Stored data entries
#####

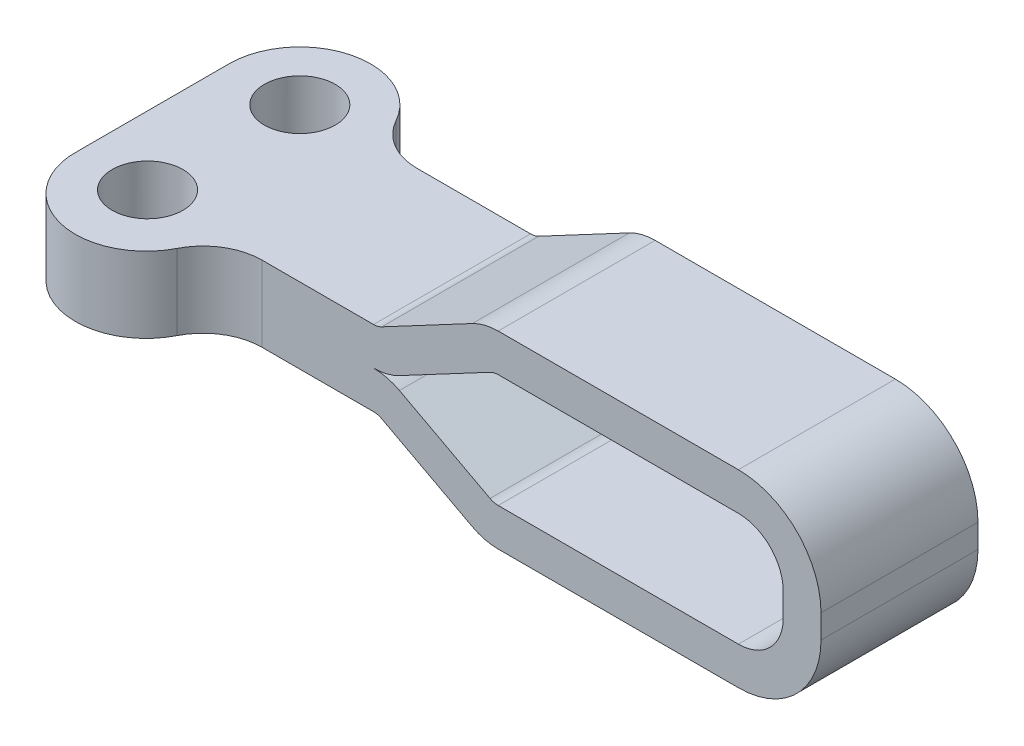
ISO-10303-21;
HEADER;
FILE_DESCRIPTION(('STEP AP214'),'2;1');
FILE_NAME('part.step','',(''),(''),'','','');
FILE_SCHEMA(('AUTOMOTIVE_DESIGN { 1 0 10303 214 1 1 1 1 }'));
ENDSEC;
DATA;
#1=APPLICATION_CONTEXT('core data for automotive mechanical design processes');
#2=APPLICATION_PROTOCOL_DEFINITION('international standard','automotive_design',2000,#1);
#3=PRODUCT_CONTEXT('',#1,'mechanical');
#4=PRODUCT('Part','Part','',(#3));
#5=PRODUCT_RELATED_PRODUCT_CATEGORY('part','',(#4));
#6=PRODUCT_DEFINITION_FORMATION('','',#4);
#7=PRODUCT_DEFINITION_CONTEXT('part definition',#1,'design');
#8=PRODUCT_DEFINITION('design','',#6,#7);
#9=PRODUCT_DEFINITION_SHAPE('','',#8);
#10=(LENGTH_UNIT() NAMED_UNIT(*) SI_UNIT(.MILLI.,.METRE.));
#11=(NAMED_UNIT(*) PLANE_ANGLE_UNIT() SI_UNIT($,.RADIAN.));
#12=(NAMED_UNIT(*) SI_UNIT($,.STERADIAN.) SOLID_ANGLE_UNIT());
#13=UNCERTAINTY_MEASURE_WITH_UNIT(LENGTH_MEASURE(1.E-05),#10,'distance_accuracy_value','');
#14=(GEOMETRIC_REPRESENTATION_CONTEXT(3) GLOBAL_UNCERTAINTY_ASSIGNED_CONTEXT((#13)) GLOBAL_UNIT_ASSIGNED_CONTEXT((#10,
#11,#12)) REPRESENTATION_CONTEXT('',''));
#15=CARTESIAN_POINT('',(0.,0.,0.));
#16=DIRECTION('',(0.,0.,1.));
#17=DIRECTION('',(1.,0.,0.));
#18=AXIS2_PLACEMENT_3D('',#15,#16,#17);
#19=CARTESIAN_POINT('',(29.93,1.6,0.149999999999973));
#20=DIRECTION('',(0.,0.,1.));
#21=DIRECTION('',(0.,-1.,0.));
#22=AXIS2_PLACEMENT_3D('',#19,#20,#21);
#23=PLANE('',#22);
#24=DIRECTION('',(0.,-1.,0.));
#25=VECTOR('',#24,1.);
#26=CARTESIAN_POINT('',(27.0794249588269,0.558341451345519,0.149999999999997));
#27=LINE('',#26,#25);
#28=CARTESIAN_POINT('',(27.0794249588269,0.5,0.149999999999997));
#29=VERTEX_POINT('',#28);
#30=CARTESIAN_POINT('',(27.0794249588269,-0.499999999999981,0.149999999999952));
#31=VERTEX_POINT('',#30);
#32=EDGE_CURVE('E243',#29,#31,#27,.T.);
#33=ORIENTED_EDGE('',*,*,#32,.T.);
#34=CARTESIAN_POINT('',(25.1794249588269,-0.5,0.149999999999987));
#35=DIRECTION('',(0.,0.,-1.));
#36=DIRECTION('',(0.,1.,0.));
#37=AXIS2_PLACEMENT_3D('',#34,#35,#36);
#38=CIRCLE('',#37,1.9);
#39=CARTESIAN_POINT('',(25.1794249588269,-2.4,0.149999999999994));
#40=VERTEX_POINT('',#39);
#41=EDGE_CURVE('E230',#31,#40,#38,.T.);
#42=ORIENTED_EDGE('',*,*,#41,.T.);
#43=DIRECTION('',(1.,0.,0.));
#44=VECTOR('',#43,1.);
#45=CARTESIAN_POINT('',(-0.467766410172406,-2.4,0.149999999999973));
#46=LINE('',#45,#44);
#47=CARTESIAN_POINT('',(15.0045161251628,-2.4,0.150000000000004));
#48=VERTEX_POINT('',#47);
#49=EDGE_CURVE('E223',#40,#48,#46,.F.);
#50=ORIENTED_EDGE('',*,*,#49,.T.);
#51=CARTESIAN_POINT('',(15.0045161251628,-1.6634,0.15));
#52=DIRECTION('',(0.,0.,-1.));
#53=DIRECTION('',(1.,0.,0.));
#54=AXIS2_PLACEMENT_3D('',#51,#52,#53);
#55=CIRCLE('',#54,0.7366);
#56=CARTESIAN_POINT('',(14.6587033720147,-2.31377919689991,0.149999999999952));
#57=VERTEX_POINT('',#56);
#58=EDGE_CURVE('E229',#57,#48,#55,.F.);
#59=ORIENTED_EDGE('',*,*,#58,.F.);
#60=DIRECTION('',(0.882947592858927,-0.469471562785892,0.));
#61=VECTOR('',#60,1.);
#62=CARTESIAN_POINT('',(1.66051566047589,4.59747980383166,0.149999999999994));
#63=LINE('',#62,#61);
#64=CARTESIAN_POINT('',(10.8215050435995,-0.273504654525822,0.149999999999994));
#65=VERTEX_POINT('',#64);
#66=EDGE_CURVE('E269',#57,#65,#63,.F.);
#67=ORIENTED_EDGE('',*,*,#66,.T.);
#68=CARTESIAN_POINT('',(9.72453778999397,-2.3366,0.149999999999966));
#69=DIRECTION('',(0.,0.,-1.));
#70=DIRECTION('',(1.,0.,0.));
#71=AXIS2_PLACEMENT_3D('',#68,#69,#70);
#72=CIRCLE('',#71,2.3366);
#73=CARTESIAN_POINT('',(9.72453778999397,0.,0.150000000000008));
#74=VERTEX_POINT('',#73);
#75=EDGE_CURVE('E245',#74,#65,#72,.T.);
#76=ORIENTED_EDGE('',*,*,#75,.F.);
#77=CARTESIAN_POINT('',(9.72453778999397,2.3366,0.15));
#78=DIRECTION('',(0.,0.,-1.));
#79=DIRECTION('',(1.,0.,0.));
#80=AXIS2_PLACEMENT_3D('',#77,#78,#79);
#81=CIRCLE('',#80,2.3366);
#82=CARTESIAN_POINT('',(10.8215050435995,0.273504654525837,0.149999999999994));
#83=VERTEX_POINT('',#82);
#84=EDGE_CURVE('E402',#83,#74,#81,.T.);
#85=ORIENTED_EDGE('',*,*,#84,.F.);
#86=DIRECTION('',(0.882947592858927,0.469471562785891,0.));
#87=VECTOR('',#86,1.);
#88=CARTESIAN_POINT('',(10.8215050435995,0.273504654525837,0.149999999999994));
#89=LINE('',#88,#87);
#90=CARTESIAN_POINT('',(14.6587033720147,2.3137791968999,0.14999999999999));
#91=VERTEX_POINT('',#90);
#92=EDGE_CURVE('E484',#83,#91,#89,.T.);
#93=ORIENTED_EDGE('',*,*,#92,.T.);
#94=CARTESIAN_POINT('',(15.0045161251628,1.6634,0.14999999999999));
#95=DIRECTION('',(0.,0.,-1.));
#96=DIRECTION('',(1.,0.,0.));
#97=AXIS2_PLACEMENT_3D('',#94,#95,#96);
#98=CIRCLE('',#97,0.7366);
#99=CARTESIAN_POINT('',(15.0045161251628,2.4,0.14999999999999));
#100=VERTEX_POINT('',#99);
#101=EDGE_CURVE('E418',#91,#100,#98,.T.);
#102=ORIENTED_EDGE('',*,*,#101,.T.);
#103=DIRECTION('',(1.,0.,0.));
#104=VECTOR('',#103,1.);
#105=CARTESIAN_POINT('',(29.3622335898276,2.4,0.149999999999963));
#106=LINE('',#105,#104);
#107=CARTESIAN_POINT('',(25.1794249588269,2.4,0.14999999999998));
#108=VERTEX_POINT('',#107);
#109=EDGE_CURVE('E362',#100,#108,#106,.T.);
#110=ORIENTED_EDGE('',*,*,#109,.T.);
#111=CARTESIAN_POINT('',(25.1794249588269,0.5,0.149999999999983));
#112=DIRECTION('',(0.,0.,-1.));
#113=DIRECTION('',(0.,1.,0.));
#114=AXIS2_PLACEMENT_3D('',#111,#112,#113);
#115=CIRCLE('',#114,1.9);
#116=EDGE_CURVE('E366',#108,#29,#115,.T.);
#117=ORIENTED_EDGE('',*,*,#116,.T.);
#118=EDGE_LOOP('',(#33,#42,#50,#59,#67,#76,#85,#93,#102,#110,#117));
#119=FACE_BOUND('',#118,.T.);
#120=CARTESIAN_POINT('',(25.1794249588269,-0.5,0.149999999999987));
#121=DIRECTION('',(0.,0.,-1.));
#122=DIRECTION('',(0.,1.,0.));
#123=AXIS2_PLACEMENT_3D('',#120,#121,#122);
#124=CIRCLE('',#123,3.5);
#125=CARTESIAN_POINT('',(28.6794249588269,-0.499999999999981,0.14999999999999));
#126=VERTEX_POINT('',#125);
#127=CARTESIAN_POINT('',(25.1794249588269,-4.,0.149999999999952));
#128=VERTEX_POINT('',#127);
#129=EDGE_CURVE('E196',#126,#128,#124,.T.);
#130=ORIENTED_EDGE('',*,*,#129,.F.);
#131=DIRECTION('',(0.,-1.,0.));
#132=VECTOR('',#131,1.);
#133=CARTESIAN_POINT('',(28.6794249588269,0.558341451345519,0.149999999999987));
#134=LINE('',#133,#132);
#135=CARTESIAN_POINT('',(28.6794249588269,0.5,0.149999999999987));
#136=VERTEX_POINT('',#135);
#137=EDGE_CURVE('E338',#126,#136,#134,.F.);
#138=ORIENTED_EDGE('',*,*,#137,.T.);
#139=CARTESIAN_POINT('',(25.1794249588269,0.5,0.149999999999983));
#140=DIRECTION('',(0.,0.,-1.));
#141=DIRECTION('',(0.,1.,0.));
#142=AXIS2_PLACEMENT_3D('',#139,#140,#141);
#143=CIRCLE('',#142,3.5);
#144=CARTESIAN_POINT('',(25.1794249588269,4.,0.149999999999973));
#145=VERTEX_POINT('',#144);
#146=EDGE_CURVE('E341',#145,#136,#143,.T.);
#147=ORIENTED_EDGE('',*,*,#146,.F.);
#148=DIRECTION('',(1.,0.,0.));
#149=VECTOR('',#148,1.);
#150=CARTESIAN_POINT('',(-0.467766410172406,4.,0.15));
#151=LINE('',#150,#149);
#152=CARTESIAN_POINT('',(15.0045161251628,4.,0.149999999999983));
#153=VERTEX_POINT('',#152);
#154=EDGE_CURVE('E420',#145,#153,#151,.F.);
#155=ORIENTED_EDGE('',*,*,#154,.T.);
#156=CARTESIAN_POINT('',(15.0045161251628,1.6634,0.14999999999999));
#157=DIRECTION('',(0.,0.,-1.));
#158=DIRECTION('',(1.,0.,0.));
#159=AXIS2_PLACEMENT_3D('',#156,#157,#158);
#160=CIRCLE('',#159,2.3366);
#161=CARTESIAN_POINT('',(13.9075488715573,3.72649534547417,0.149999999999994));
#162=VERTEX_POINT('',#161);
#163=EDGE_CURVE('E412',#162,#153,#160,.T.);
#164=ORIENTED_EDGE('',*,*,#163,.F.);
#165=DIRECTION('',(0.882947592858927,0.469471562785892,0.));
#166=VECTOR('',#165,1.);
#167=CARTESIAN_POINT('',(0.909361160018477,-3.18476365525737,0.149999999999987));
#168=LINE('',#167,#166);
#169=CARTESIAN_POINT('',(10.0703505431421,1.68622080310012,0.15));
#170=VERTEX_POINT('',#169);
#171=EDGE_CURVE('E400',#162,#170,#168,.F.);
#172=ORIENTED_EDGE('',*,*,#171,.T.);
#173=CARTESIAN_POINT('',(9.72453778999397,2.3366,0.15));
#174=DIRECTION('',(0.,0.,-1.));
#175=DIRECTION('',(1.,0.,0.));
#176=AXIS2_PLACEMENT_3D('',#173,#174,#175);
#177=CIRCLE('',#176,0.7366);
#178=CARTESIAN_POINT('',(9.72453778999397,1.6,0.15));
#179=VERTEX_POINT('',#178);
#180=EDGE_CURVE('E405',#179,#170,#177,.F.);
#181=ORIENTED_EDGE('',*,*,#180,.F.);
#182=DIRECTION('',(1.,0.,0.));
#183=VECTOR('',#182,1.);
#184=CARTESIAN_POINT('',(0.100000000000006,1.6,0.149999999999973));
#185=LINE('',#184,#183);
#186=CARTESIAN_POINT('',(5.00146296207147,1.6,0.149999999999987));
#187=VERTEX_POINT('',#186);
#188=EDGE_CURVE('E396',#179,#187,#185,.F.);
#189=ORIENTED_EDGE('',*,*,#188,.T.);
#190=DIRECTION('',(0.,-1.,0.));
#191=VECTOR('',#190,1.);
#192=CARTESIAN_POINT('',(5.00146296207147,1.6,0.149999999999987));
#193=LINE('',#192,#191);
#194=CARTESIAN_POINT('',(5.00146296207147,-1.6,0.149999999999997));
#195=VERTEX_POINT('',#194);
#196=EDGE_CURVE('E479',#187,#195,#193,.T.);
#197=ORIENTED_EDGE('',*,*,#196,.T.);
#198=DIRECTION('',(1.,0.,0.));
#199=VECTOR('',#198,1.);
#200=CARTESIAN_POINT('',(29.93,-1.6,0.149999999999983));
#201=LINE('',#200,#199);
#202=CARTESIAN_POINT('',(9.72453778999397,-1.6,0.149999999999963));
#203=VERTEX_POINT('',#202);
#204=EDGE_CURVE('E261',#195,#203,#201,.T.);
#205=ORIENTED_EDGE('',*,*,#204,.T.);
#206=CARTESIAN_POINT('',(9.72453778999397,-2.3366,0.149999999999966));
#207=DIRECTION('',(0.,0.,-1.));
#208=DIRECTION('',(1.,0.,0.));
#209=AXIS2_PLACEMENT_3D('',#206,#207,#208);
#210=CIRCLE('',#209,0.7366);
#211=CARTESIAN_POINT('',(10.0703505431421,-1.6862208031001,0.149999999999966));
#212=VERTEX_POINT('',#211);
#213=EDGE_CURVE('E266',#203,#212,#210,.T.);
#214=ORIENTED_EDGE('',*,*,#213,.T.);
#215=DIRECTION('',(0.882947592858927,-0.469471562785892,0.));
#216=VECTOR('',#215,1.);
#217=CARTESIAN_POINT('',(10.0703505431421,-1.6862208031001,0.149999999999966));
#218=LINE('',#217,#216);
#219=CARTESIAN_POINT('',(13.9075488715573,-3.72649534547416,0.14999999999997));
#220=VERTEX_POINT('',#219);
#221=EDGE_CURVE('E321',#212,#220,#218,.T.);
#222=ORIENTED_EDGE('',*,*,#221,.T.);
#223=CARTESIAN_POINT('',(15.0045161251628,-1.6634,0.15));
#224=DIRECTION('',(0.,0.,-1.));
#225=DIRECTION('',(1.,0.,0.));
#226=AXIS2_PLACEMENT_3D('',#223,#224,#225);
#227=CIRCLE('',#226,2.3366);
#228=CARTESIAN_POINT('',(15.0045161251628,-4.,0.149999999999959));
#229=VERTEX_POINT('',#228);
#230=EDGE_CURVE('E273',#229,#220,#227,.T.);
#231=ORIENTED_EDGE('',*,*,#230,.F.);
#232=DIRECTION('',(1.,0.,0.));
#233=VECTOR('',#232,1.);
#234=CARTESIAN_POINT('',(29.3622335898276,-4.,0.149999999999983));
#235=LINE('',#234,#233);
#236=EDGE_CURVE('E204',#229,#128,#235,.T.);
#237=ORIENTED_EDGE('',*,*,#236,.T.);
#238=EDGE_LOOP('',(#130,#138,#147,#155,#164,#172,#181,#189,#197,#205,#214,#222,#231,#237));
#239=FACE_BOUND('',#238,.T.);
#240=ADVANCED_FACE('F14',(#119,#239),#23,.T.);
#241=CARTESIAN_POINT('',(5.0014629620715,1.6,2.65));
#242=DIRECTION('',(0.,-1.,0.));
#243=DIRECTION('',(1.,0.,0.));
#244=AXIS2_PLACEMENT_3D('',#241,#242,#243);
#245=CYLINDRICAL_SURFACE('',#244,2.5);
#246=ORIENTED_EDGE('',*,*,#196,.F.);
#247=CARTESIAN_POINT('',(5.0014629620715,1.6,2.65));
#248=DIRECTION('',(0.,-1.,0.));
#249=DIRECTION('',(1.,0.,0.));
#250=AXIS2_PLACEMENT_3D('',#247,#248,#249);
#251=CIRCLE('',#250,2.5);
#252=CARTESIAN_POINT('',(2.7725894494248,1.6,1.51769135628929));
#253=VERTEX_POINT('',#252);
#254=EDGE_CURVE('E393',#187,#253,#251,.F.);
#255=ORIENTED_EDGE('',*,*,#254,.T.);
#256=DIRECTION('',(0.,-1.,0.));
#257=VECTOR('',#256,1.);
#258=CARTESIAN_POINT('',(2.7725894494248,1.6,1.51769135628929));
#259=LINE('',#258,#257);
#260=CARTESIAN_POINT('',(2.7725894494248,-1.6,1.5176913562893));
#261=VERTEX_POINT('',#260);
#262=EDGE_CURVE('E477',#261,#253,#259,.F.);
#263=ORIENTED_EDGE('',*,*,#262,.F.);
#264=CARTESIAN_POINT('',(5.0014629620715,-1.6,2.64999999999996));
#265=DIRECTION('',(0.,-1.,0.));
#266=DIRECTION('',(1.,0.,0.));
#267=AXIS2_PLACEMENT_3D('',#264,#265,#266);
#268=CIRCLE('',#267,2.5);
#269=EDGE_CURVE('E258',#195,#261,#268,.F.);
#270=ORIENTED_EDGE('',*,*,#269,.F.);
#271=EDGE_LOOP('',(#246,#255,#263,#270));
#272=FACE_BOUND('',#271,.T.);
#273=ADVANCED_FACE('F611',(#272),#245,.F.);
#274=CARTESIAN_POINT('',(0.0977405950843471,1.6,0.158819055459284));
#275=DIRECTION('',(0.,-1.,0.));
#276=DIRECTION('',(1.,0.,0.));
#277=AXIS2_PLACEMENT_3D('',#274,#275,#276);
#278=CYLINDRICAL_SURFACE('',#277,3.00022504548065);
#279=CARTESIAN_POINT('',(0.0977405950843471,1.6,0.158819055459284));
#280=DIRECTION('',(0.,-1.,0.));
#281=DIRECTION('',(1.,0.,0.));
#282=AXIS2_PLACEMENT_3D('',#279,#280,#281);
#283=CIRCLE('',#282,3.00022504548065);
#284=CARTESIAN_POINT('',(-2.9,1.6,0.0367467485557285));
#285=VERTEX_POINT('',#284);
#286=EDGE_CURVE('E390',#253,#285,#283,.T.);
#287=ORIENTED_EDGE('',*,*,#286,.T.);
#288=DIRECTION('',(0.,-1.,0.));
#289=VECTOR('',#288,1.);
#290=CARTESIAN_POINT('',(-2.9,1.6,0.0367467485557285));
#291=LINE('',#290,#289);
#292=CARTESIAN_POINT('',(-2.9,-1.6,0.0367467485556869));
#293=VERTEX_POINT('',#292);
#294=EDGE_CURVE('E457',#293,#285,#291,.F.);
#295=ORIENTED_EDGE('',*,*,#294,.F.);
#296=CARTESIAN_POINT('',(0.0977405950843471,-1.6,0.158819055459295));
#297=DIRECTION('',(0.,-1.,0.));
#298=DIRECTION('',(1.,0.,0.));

#####

● WHAT YOU ARE ASKED TO DO:
Every line above in which the word "mechanical" is present must be copied into the answer.

● SOLUTION FOR THIS PROBLEM:
#1=APPLICATION_CONTEXT('core data for automotive mechanical design processes');
#3=PRODUCT_CONTEXT('',#1,'mechanical');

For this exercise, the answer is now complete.